Während ich darüber nachdachte, begann mein Gegner zu reden. „Hast Du etwa ein Set Asse getroffen? Du hast diesen seltsamen Raise vor dem Flop gebracht…Du hast Asse, oder?“
Direkt danach foldete ich. Alles was ich wissen musste, steckte in seinen Worten. Ganz allgemein denkt ein Spieler, wenn er eine große Bet gebracht hat und auf die Aktion des Kontrahenten wartet, entweder „Call mich bitte“ oder „Call mich bitte nicht.“ Manchmal liegt die Hand in der Mitte und er weiß selbst nicht, was er will. Aber in der Regel hat er für eine der beiden Möglichkeiten eine starke Präferenz.

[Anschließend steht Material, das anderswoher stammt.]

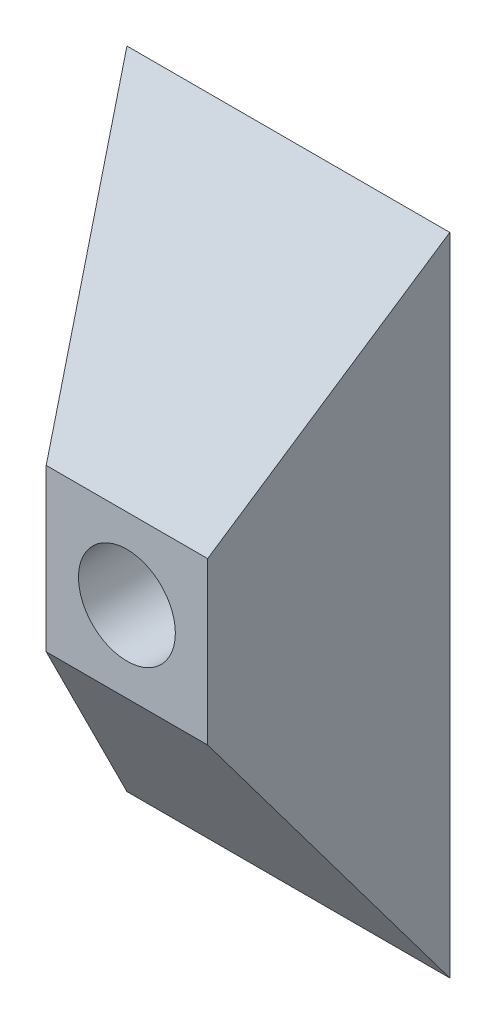
SolidWorks part; units mm, degrees
ref_plane "Alzado" through (0, 0, 0) normal (0, 0, 1) x (1, 0, 0)
ref_plane "Planta" through (0, 0, 0) normal (0, 1, 0) x (1, 0, 0)
ref_plane "Vista lateral" through (0, 0, 0) normal (1, 0, 0) x (0, 0, -1)
sketch "Croquis1" plane through (0, 0, 0) normal (0, 0, 1) x (1, 0, 0)
  line L1 (-5, -10) -> (5, -10)
  line L2 (-5, -10) -> (-5, 10)
  line L3 (-5, 10) -> (5, 10)
  line L4 (5, -10) -> (5, 10)
  line L5 (-5, -10) -> (5, 10) construction
  line L6 (-5, 10) -> (5, -10) construction
  point P0 (0, 0)
  dimension "D1" = 10
  dimension "D2" = 20
ref_plane "Plano1" through (0, 0, 5) normal (0, 0, 1) x (1, 0, 0)
sketch "Croquis9" plane through (0, 0, 5) normal (0, 0, 1) x (1, 0, 0)
  line L1 (-2.5, 2.5) -> (2.5, 2.5)
  line L2 (-2.5, 2.5) -> (-2.5, -2.5)
  line L3 (-2.5, -2.5) -> (2.5, -2.5)
  line L4 (2.5, 2.5) -> (2.5, -2.5)
  line L5 (-2.5, 2.5) -> (2.5, -2.5) construction
  line L6 (-2.5, -2.5) -> (2.5, 2.5) construction
  point P0 (0, 0)
  dimension "D1" = 5
loft "Recubrir1" add profiles "Croquis1", "Croquis9"
sketch "Croquis10" plane through (0, 0, 5) normal (0, 0, 1) x (1, 0, 0)
  circle A0 centre (0, 0) radius 1.5
  dimension "D1" = 3
extrude "Cortar-Extruir1" cut sketch "Croquis10" against normal blind 5
sketch "Croquis11" plane through (0, 0, 0) normal (0, 0, -1) x (-1, 0, 0)
  circle A0 centre (0, 0) radius 2.5
  dimension "D1" = 5
extrude "Cortar-Extruir2" cut sketch "Croquis11" against normal blind 2
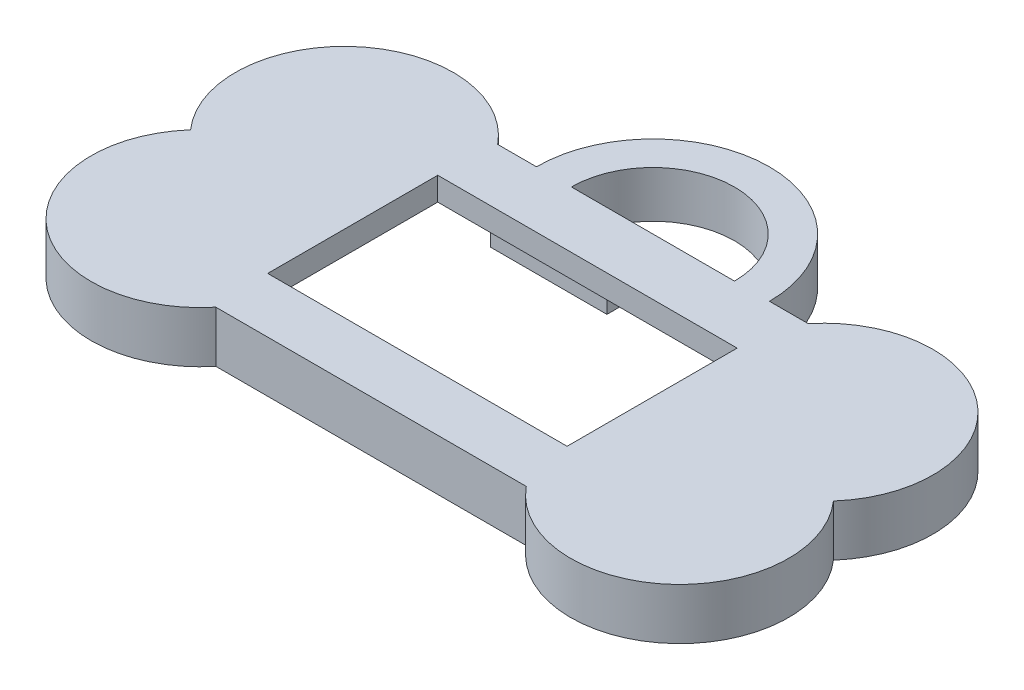
SolidWorks part; units mm, degrees
ref_plane "Front Plane" through (0, 0, 0) normal (0, 0, 1) x (1, 0, 0)
ref_plane "Top Plane" through (0, 0, 0) normal (0, 1, 0) x (1, 0, 0)
ref_plane "Right Plane" through (0, 0, 0) normal (1, 0, 0) x (0, 0, -1)
sketch "Sketch1" plane through (0, 0, 0) normal (0, 1, 0) x (1, 0, 0)
  line L0 (13.62, 14.1132) -> (-22.83, 14.1122)
  line L1 (-22.829, -11.5408) -> (13.621, -11.5398)
  line L2 (14.8977, -12.0587) -> (23.0691, -12.0587)
  line L3 (23.0691, -12.0587) -> (23.0691, -7.4786)
  line L4 (-23.0703, -12.0587) -> (-31.1593, -12.0467)
  line L5 (-31.1593, -12.0467) -> (-31.1593, -7.2967)
  line L6 (-23.0703, -12.0587) -> (-23.0703, 4.8825)
  line L7 (-36.0683, 1.2763) -> (-36.0683, 6.3059)
  line L8 (-23.0703, 4.8825) -> (-27.0784, 4.8825)
  line L9 (-23.0703, 4.8825) -> (-23.0703, -4.0811)
  line L10 (-23.0703, -4.0811) -> (-27.0784, -4.0811)
  line L11 (-27.0784, 4.8825) -> (-27.0784, -4.0811)
  line L12 (-23.0703, -8.5283) -> (17.2634, -8.5283)
  line L13 (-23.0703, -8.5283) -> (-23.0703, 10.8014)
  line L14 (-23.0703, 10.8014) -> (17.2634, 10.8014)
  line L15 (17.2634, -8.5283) -> (17.2634, 10.8014)
  line L16 (-36.0683, 6.3059) -> (-39.1176, 6.3059)
  line L17 (-39.1176, 6.3059) -> (-27.0784, 6.3059)
  line L18 (-27.0784, 6.3059) -> (-27.0784, 4.8825)
  line L19 (13.3147, -7.6038) -> (-17.9273, -7.6038)
  line L20 (13.3147, -7.6038) -> (13.3147, 10.1762)
  line L21 (13.3147, 10.1762) -> (-17.9273, 10.1762)
  line L22 (-17.9273, -7.6038) -> (-17.9273, 10.1762)
  line L23 (-21.5298, -14.0808) -> (12.3218, -14.0799)
  line L24 (12.3208, 16.6531) -> (-21.5307, 16.6522)
  line L25 (-4.605, 14.1127) -> (-4.605, 11.6371)
  line L26 (-4.605, 11.6371) -> (-17.3049, 11.6371)
  line L27 (-17.3049, 11.6371) -> (-17.3049, 14.1123)
  line L28 (-17.3049, 14.1123) -> (-4.605, 14.1127)
  line L29 (-21.5298, -11.5408) -> (-21.5298, -9.0301)
  line L30 (-21.5298, -9.0301) -> (-10.955, -9.0301)
  line L31 (-10.955, -9.0301) -> (-10.955, -11.5405)
  line L32 (-10.955, -11.5405) -> (-21.5298, -11.5408)
  line L33 (12.3218, -11.5399) -> (12.3218, -9.0301)
  line L34 (12.3218, -9.0301) -> (1.6405, -9.0301)
  line L35 (1.6405, -9.0301) -> (1.6405, -11.5402)
  line L36 (1.6405, -11.5402) -> (12.0981, -11.5399)
  line L37 (12.0981, -11.5399) -> (12.3218, -11.5399)
  arc A0 (-22.83, 14.1122) -> (-35.783, 1.2862) centre (-30.7456, 9.1525) ccw
  arc A1 (-35.783, 1.2862) -> (-22.829, -11.5408) centre (-30.7447, -6.5803) ccw
  arc A2 (13.621, -11.5398) -> (26.574, 1.2862) centre (21.5366, -6.5802) ccw
  arc A3 (26.574, 1.2862) -> (13.62, 14.1132) centre (21.5357, 9.1526) ccw
  circle A4 centre (-31.1499, -9.0301) radius 1.7334
  circle A5 centre (23.0691, -9.2145) radius 1.7334
  circle A6 centre (-8.7574, -9.2294) radius 0.7493
  circle A7 centre (-0.568, -9.2548) radius 0.7493
  circle A8 centre (-33.4016, 4.3213) radius 0.0119
  circle A9 centre (-33.751, 4.2072) radius 0.3556
  circle A10 centre (-31.846, 4.2072) radius 0.3556
  circle A11 centre (-27.655, 4.9692) radius 0.3576
  circle A12 centre (-36.037, -3.4128) radius 0.3556
  arc A13 (-21.5307, 16.6522) -> (-39.6493, 1.286) centre (-30.7456, 9.1525) ccw
  arc A14 (-39.6493, 1.286) -> (-21.5298, -14.0808) centre (-30.7447, -6.5803) ccw
  arc A15 (12.3218, -14.0799) -> (30.4404, 1.2863) centre (21.5366, -6.5802) ccw
  arc A16 (30.4404, 1.2863) -> (12.3208, 16.6531) centre (21.5357, 9.1526) ccw
  arc A17 (-13.4949, 16.6524) -> (4.2851, 16.6529) centre (-4.6049, 16.6527) cw
  arc A18 (-17.3049, 16.6523) -> (8.0951, 16.653) centre (-4.6049, 16.6527) cw
  dimension "D1" = 2.54
extrude "Boss-Extrude1" add sketch "Sketch1" along normal blind 2.54
sketch "Sketch3" plane through (0, 2.54, 0) normal (0, 1, 0) x (1, 0, 0)
  line L0 (-13.4949, 16.6524) -> (4.2851, 16.6529)
  line L1 (10.755, 10.472) -> (-21.8857, 10.472)
  line L2 (10.755, 10.472) -> (10.755, -8.0664)
  line L3 (12.3208, 16.6531) -> (8.0951, 16.653)
  line L4 (-17.3049, 16.6523) -> (-21.5307, 16.6522)
  line L5 (-21.5298, -14.0808) -> (12.3218, -14.0799)
  line L6 (12.3208, 16.6531) -> (8.0951, 16.653)
  line L7 (-17.3049, 16.6523) -> (-21.5307, 16.6522)
  line L8 (-21.5298, -14.0808) -> (12.3218, -14.0799)
  line L9 (10.755, -8.0664) -> (-21.8857, -8.0664)
  line L10 (-21.8857, 10.472) -> (-21.8857, -8.0664)
  arc A1 (-13.4949, 16.6524) -> (4.2851, 16.6529) centre (-4.6049, 16.6527) cw
  arc A2 (4.2851, 16.6529) -> (-13.4949, 16.6524) centre (-4.6049, 16.6527) ccw construction
  arc A5 (12.3218, -14.0799) -> (30.4404, 1.2863) centre (21.5366, -6.5802) ccw
  arc A6 (30.4404, 1.2863) -> (12.3208, 16.6531) centre (21.5357, 9.1526) ccw
  arc A7 (8.0951, 16.653) -> (-17.3049, 16.6523) centre (-4.6049, 16.6527) ccw
  arc A8 (-21.5307, 16.6522) -> (-39.6493, 1.286) centre (-30.7456, 9.1525) ccw
  arc A9 (-39.6493, 1.286) -> (-21.5298, -14.0808) centre (-30.7447, -6.5803) ccw
  arc A10 (12.3218, -14.0799) -> (30.4404, 1.2863) centre (21.5366, -6.5802) ccw
  arc A11 (30.4404, 1.2863) -> (12.3208, 16.6531) centre (21.5357, 9.1526) ccw
  arc A12 (8.0951, 16.653) -> (-17.3049, 16.6523) centre (-4.6049, 16.6527) ccw
  arc A13 (-21.5307, 16.6522) -> (-39.6493, 1.286) centre (-30.7456, 9.1525) ccw
  arc A14 (-39.6493, 1.286) -> (-21.5298, -14.0808) centre (-30.7447, -6.5803) ccw
  dimension "D1" = 0
extrude "Boss-Extrude3" add sketch "Sketch3" along normal blind 2.54 contours A10 A11 L6 A12 L7 A13 A14 L8 | L0 A1 | L2 L1 L10 L9
sketch "Sketch4" plane through (0, 0, 0) normal (0, -1, 0) x (1, 0, 0)
  line L0 (8.0951, -16.653) -> (-17.3049, -16.6523)
  line L1 (13.3447, 12.0478) -> (-22.5526, 12.0488)
  line L2 (-22.5536, -14.6202) -> (-17.3049, -14.6203)
  line L3 (12.3218, 14.0799) -> (-21.5298, 14.0808)
  line L4 (-21.5307, -16.6522) -> (-17.3049, -16.6523)
  line L5 (8.0951, -16.653) -> (12.3208, -16.6531)
  line L6 (12.3218, 14.0799) -> (-21.5298, 14.0808)
  line L7 (-21.5307, -16.6522) -> (-17.3049, -16.6523)
  line L8 (8.0951, -16.653) -> (12.3208, -16.6531)
  line L9 (8.0951, -14.621) -> (-17.3049, -14.6203)
  line L10 (8.0951, -14.621) -> (13.3437, -14.6212)
  line L11 (13.3437, -14.6212) -> (13.3447, 12.0478)
  line L12 (-22.5536, -14.6202) -> (-22.5526, 12.0488)
  arc A0 (13.3437, -14.6212) -> (27.4631, -1.2862) centre (21.5357, -9.1526) ccw
  arc A1 (27.4631, -1.2862) -> (13.3447, 12.0478) centre (21.5366, 6.5802) ccw
  arc A2 (-22.5526, 12.0488) -> (-36.6721, -1.2861) centre (-30.7447, 6.5803) ccw
  arc A3 (-36.6721, -1.2861) -> (-22.5536, -14.6202) centre (-30.7456, -9.1525) ccw
  arc A5 (30.4404, -1.2863) -> (12.3218, 14.0799) centre (21.5366, 6.5802) ccw
  arc A6 (-21.5298, 14.0808) -> (-39.6493, -1.286) centre (-30.7447, 6.5803) ccw
  arc A7 (-39.6493, -1.286) -> (-21.5307, -16.6522) centre (-30.7456, -9.1525) ccw
  arc A8 (-17.3049, -16.6523) -> (8.0951, -16.653) centre (-4.6049, -16.6527) ccw
  arc A9 (12.3208, -16.6531) -> (30.4404, -1.2863) centre (21.5357, -9.1526) ccw
  arc A10 (30.4404, -1.2863) -> (12.3218, 14.0799) centre (21.5366, 6.5802) ccw
  arc A11 (-21.5298, 14.0808) -> (-39.6493, -1.286) centre (-30.7447, 6.5803) ccw
  arc A12 (-39.6493, -1.286) -> (-21.5307, -16.6522) centre (-30.7456, -9.1525) ccw
  arc A14 (12.3208, -16.6531) -> (30.4404, -1.2863) centre (21.5357, -9.1526) ccw
  line M18 (-13.4949, -16.6524) -> (4.2851, -16.6529)
  arc M40 (30.4404, -1.2863) -> (12.3218, 14.0799) centre (21.5366, 6.5802) ccw
  line M41 (12.3218, 14.0799) -> (-21.5298, 14.0808)
  arc M42 (-21.5298, 14.0808) -> (-39.6493, -1.286) centre (-30.7447, 6.5803) ccw
  arc M43 (-39.6493, -1.286) -> (-21.5307, -16.6522) centre (-30.7456, -9.1525) ccw
  line M44 (-21.5307, -16.6522) -> (-17.3049, -16.6523)
  line M46 (8.0951, -16.653) -> (12.3208, -16.6531)
  arc M47 (12.3208, -16.6531) -> (30.4404, -1.2863) centre (21.5357, -9.1526) ccw
  dimension "D1" = 0
  dimension "D2" = 2.032
extrude "Boss-Extrude5" add sketch "Sketch4" along normal blind 0.508 contours L0 A3 A2 L1 A1 A0 L10 L9 L2 M46 M47 M40 M41 M42 M43 M44 M18
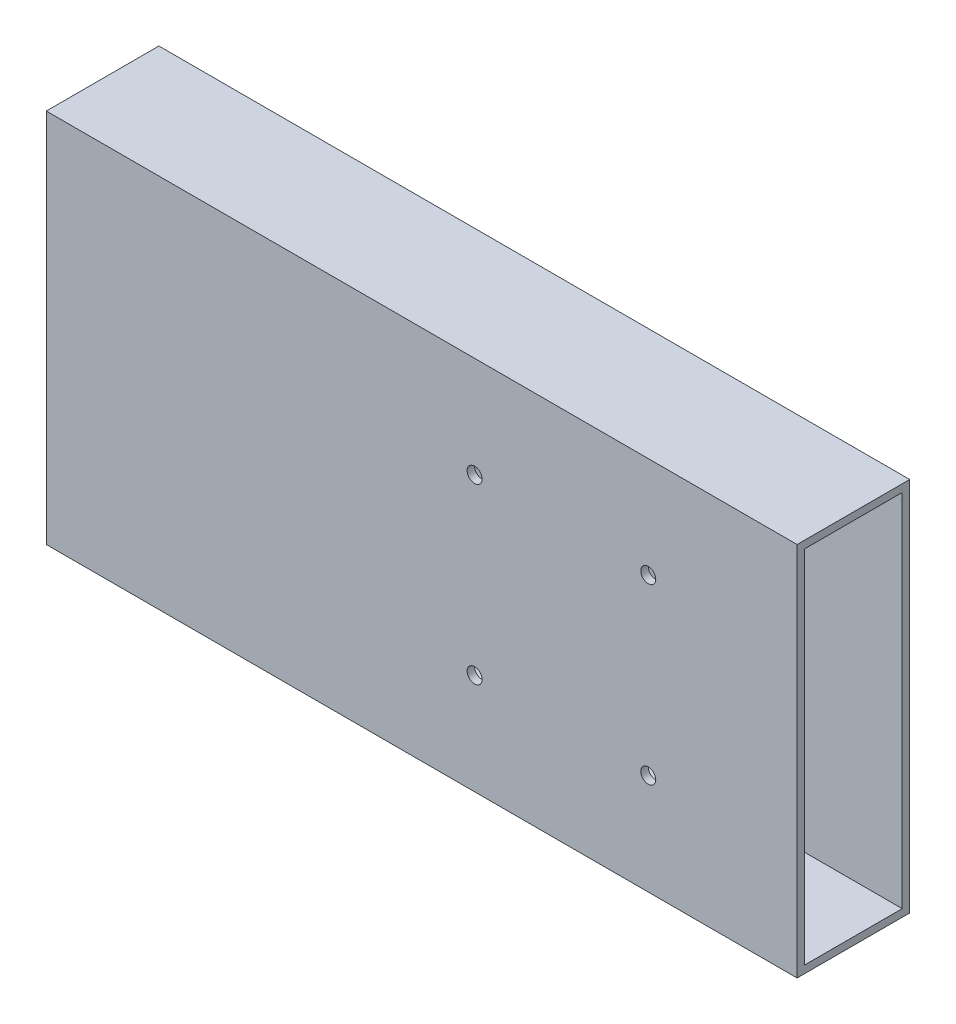
SolidWorks part; units mm, degrees
ref_plane "Ön Düzlem" through (0, 0, 0) normal (0, 0, 1) x (1, 0, 0)
ref_plane "Üst Düzlem" through (0, 0, 0) normal (0, 1, 0) x (1, 0, 0)
ref_plane "Sağ Düzlem" through (0, 0, 0) normal (1, 0, 0) x (0, 0, -1)
sketch "Çizim1" plane through (0, 0, 0) normal (0, 0, 1) x (1, 0, 0)
  line L1 (0, 0) -> (-400, 0)
  line L2 (0, 0) -> (0, 200)
  line L3 (0, 200) -> (-400, 200)
  line L4 (-400, 0) -> (-400, 200)
  dimension "D1" = 400
  dimension "D2" = 200
extrude "Yükseklik-Ekstrüzyon2" add sketch "Çizim1" along normal blind 60
shell "İç Boşaltma2" thickness 4
sketch "Çizim3" plane through (0, 0, 60) normal (0, 0, 1) x (1, 0, 0)
  line L0 (0, 100) -> (-24.7432, 100) construction
  line L1 (0, 0) -> (0, 200) construction
  line L2 (0, 200) -> (-400, 200) construction
  circle A0 centre (-79.2978, 146.25) radius 4
  circle A1 centre (-171.7978, 146.25) radius 4
  circle A2 centre (-79.2978, 53.75) radius 4
  circle A3 centre (-171.7978, 53.75) radius 4
  dimension "D1" = 92.5
  dimension "D2" = 53.75
  dimension "D3" = 8
  dimension "D4" = 8
extrude "Kes-Ekstrüzyon2" cut sketch "Çizim3" against normal up to next

Wenn der Spieler über Ihre möglichen Hände spricht, erwähnt er fast nie eine Hand, von der er geschlagen wird. Traut er Ihnen ein Paar Asse zu und kann dies nicht schlagen, hält er seinen Mund und hofft auf einen Fold. Spricht er dagegen von Ihren Assen, hat er davor keine Angst. Als er mich fragte, ob ich Asse hätte, war ich deshalb ziemlich sicher, dass er diese schlagen konnte. Und da ich eine Straight für unwahrscheinlich hielt, war ich mir ziemlich sicher, dass er einen Flush hatte.
Nachdem ich gefoldet hatte, zeigte er mir Q 8 .
Ein solcher Fall kommt zwar nicht oft vor, aber er ist ziemlich verlässlich. Wartet Ihr Gegner auf Ihre Reaktion auf eine hohe Bet und beginnt über Ihre möglichen Hände zu sprechen, kann er meist jede Hand schlagen, die er erwähnt. Natürlich gibt es hierzu Ausnahmen, aber nach meiner Erfahrung ist dies einer der verlässlichsten Tells, die ich kenne.
Dennoch sei noch einmal erwähnt, dass Sie die Worte Ihres Gegners ignorieren sollten, wenn Sie nicht sofort erkennen, was diese bedeuten. Versuchen Sie diese am Tisch zu entschlüsseln, sind Sie lediglich dafür anfällig, sich selbst auszutricksen.
Dieser Artikel erschien auf PokerOlymp am 23.05.2009.